I haven't posted here before, but my Knightley was born July 28th, so he's nearly 5 months old. They grow up soooooo fast don't they?? He just lost his last puppy tooth yesterday. He's been getting blood on all his toys, poor pup, and has been very cranky that I wouldn't play tug with him. He is hopefully going to be my assistance dog, so he's learning lots of interesting things already. He is turning out to be a super smart puppy, and I am very happy with my choice! He's also pretty handsome, although I'm a bit biased. Here's some photos so you can see what you think.









A very recent photo, showing off a sit stay. He spied birds in the distance, so that's why I got him in profile like that.









My cutie.









More recent photos. He's lost all his puppy fluff... noooo!!









Looking proud. Yes Knightley, it's a very nice sit. Well done.









Getting wet in his padding pool.









The result of getting wet! But looking gorgeous. In my biased opinion!

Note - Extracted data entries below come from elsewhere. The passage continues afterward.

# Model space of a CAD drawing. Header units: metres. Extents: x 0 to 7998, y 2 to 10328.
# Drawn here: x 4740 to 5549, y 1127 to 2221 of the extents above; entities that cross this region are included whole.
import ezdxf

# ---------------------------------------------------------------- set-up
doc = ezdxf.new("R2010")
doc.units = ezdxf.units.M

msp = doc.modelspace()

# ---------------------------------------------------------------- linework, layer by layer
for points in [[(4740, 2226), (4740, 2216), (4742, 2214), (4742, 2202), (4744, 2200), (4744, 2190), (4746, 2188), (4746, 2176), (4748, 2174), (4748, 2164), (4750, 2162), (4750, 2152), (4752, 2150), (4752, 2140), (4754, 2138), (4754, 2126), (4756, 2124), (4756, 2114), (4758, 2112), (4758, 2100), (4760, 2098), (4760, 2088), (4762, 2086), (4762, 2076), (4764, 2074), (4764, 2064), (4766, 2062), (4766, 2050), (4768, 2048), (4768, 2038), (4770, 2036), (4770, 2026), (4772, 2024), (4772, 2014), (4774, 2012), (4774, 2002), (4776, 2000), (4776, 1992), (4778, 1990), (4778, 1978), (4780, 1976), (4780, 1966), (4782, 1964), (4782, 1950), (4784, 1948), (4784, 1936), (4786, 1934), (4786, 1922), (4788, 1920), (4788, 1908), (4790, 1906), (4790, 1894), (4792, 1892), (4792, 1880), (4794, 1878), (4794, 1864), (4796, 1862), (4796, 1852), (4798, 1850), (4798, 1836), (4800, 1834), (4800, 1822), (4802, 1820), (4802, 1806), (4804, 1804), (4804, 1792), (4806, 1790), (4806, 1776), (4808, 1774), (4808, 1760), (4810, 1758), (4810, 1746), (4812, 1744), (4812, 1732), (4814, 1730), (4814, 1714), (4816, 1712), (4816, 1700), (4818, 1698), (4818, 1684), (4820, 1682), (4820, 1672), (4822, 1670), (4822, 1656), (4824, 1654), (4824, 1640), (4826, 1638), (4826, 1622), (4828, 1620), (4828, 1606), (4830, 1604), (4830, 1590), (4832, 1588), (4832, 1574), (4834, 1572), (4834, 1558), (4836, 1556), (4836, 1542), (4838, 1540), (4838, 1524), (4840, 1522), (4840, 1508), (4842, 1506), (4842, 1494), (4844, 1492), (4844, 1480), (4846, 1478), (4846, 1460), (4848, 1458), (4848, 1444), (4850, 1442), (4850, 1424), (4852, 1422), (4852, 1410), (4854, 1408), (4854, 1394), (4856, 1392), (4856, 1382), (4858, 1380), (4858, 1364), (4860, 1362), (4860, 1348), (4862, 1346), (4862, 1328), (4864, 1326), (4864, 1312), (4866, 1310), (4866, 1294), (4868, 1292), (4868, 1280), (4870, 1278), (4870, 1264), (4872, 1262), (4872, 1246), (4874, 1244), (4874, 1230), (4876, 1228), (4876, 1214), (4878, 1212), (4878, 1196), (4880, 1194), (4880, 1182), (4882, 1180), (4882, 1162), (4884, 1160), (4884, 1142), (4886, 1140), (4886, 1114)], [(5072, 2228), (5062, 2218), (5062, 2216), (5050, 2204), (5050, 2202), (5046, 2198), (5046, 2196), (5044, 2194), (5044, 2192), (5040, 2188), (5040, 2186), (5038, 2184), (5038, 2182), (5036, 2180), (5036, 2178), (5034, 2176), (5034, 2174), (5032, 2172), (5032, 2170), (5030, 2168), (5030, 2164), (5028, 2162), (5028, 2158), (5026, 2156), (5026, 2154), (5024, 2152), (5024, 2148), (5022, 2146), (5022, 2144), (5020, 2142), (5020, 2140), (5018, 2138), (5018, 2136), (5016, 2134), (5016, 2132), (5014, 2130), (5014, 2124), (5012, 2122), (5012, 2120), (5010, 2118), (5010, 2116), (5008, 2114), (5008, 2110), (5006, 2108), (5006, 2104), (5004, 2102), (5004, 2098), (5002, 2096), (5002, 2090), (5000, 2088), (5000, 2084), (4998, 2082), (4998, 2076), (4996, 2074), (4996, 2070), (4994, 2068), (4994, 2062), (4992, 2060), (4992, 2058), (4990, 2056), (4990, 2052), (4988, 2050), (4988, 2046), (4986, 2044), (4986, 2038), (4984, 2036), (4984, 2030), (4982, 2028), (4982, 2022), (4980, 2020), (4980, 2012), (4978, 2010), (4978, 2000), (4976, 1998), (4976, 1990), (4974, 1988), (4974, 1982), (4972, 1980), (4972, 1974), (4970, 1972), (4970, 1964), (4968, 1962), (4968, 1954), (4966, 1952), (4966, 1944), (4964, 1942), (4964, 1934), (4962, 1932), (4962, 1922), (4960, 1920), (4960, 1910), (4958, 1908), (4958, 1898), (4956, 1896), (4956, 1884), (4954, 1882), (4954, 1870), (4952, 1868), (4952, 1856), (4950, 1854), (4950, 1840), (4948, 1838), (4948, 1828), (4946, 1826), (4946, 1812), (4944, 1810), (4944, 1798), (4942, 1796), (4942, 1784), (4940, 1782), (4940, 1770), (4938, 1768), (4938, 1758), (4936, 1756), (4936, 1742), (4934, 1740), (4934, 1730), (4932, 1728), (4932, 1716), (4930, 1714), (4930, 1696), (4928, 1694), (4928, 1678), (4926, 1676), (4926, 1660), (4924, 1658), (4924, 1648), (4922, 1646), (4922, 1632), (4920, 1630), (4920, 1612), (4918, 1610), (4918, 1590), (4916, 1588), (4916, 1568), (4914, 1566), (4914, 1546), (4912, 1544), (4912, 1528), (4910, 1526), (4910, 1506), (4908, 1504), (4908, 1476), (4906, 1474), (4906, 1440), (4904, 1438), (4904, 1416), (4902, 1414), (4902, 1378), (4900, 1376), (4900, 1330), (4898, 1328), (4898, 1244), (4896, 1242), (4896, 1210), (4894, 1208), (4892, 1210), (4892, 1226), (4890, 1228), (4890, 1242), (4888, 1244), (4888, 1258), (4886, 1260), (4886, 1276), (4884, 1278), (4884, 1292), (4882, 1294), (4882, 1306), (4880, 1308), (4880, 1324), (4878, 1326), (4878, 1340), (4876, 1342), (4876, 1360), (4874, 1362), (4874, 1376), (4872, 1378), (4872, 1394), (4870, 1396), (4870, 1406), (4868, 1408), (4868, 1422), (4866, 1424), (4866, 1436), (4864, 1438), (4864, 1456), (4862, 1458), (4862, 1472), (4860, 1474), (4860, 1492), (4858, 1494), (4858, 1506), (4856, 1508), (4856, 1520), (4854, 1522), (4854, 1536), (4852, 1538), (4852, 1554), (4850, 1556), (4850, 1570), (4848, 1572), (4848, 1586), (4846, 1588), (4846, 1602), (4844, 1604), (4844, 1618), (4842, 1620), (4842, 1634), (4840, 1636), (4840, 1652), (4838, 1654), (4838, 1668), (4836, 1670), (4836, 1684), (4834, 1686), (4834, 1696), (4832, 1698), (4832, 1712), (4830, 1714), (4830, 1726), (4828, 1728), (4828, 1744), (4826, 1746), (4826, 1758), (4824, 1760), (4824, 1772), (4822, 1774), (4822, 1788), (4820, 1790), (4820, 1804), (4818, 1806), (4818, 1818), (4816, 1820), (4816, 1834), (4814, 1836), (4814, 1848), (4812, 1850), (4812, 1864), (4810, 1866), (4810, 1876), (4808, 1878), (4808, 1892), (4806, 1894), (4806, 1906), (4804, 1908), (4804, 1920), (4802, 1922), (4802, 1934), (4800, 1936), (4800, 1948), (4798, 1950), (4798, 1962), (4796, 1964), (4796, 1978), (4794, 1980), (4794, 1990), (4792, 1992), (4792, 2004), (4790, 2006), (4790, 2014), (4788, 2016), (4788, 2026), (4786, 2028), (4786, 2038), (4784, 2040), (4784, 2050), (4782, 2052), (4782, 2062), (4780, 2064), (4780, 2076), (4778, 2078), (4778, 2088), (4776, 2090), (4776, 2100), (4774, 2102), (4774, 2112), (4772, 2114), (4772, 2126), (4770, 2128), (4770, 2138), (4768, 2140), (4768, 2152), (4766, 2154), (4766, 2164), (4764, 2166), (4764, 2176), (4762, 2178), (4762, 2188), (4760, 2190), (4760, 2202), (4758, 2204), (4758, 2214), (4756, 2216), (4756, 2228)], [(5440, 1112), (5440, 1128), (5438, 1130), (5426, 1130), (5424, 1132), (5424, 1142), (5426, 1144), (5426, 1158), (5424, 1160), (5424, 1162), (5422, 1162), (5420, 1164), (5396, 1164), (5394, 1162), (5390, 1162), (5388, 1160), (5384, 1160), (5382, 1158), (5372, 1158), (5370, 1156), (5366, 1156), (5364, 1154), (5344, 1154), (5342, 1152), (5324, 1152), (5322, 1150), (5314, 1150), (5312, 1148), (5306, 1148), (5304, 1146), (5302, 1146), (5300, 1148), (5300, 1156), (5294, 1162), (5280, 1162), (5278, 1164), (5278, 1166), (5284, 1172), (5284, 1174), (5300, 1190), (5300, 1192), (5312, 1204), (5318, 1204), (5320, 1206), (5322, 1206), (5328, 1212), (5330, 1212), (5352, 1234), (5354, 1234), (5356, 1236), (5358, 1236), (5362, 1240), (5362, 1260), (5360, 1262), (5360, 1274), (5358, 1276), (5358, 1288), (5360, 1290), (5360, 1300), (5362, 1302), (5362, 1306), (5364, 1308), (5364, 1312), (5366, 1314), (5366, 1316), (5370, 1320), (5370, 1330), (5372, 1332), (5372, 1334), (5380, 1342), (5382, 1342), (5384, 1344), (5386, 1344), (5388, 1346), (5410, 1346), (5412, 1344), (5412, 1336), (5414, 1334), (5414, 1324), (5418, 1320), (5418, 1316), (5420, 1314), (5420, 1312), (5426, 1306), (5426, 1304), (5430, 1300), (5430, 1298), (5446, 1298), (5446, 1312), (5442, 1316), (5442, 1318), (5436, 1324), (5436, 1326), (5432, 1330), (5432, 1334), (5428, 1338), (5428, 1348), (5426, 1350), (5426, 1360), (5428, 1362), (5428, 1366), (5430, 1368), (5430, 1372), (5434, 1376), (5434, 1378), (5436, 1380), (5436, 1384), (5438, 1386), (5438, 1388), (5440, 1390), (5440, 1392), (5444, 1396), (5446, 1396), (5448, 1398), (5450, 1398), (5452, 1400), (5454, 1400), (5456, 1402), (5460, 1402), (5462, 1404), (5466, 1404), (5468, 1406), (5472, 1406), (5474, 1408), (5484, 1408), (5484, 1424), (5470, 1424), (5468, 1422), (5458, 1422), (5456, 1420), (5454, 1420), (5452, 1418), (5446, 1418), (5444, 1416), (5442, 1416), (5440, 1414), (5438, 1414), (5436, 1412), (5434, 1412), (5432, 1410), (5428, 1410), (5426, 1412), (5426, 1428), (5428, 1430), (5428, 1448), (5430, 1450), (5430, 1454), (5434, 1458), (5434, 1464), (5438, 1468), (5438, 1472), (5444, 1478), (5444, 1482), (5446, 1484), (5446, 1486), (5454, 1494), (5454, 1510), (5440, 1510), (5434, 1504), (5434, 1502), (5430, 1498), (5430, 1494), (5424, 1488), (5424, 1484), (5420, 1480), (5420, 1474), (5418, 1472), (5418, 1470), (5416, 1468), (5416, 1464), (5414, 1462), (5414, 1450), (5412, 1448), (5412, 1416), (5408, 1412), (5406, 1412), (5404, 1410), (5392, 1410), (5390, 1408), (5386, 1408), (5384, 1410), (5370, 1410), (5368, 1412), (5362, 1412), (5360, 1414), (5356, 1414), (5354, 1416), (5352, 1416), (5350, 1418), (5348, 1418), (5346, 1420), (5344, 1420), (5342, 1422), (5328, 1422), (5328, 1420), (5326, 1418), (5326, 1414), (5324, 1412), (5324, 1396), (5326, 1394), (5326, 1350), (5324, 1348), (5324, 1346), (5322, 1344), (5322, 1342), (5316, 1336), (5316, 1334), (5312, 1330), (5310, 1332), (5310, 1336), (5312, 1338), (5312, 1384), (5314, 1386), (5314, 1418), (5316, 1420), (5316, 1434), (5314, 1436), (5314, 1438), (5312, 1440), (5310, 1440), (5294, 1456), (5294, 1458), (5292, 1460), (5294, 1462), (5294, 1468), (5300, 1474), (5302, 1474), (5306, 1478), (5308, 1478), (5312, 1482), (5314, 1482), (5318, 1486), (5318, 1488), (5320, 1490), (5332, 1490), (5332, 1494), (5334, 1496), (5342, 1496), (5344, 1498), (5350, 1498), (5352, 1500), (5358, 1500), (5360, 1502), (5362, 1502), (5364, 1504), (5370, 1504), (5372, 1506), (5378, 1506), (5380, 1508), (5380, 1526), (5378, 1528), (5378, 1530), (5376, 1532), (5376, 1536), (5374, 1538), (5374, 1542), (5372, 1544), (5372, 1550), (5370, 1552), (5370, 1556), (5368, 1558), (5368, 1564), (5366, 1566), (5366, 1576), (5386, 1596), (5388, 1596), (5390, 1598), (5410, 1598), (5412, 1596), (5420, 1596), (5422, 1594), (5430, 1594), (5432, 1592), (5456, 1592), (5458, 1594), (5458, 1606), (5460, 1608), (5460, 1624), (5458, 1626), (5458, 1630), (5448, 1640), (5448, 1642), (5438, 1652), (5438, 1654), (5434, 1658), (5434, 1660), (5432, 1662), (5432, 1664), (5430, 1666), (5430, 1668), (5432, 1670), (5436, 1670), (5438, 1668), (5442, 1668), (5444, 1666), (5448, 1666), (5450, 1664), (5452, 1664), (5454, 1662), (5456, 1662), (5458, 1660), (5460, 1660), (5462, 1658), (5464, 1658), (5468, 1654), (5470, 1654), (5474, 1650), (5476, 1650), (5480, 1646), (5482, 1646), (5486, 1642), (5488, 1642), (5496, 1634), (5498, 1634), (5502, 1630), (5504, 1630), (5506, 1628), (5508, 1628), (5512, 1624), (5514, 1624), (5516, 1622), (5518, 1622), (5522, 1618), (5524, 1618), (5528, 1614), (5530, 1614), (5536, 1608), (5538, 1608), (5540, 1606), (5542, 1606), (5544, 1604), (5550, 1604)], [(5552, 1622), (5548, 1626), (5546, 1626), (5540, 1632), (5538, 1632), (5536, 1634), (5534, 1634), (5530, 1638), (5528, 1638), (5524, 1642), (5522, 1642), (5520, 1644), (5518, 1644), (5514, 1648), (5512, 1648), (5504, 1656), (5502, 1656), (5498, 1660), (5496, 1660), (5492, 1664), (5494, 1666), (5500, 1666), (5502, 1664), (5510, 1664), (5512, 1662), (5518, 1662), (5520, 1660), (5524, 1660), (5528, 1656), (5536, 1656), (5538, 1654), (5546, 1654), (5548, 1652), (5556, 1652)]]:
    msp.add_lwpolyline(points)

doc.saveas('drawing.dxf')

Practicing his "under" command. Useful for going out to cafes and restaurants. One of the most recent things I've taught him.

He's a pretty big pup, and still growing. I am definitely wondering where he is going to stop! For those other July puppies, how big are your dogs now?


----------



## Lucky Penny (Nov 13, 2011)

*Luna*

Just found this thread. Here is Luna. She was born July 25th. Here are some 8 week old pictures of her! : ) I love all the pictures, the puppies are so adorable!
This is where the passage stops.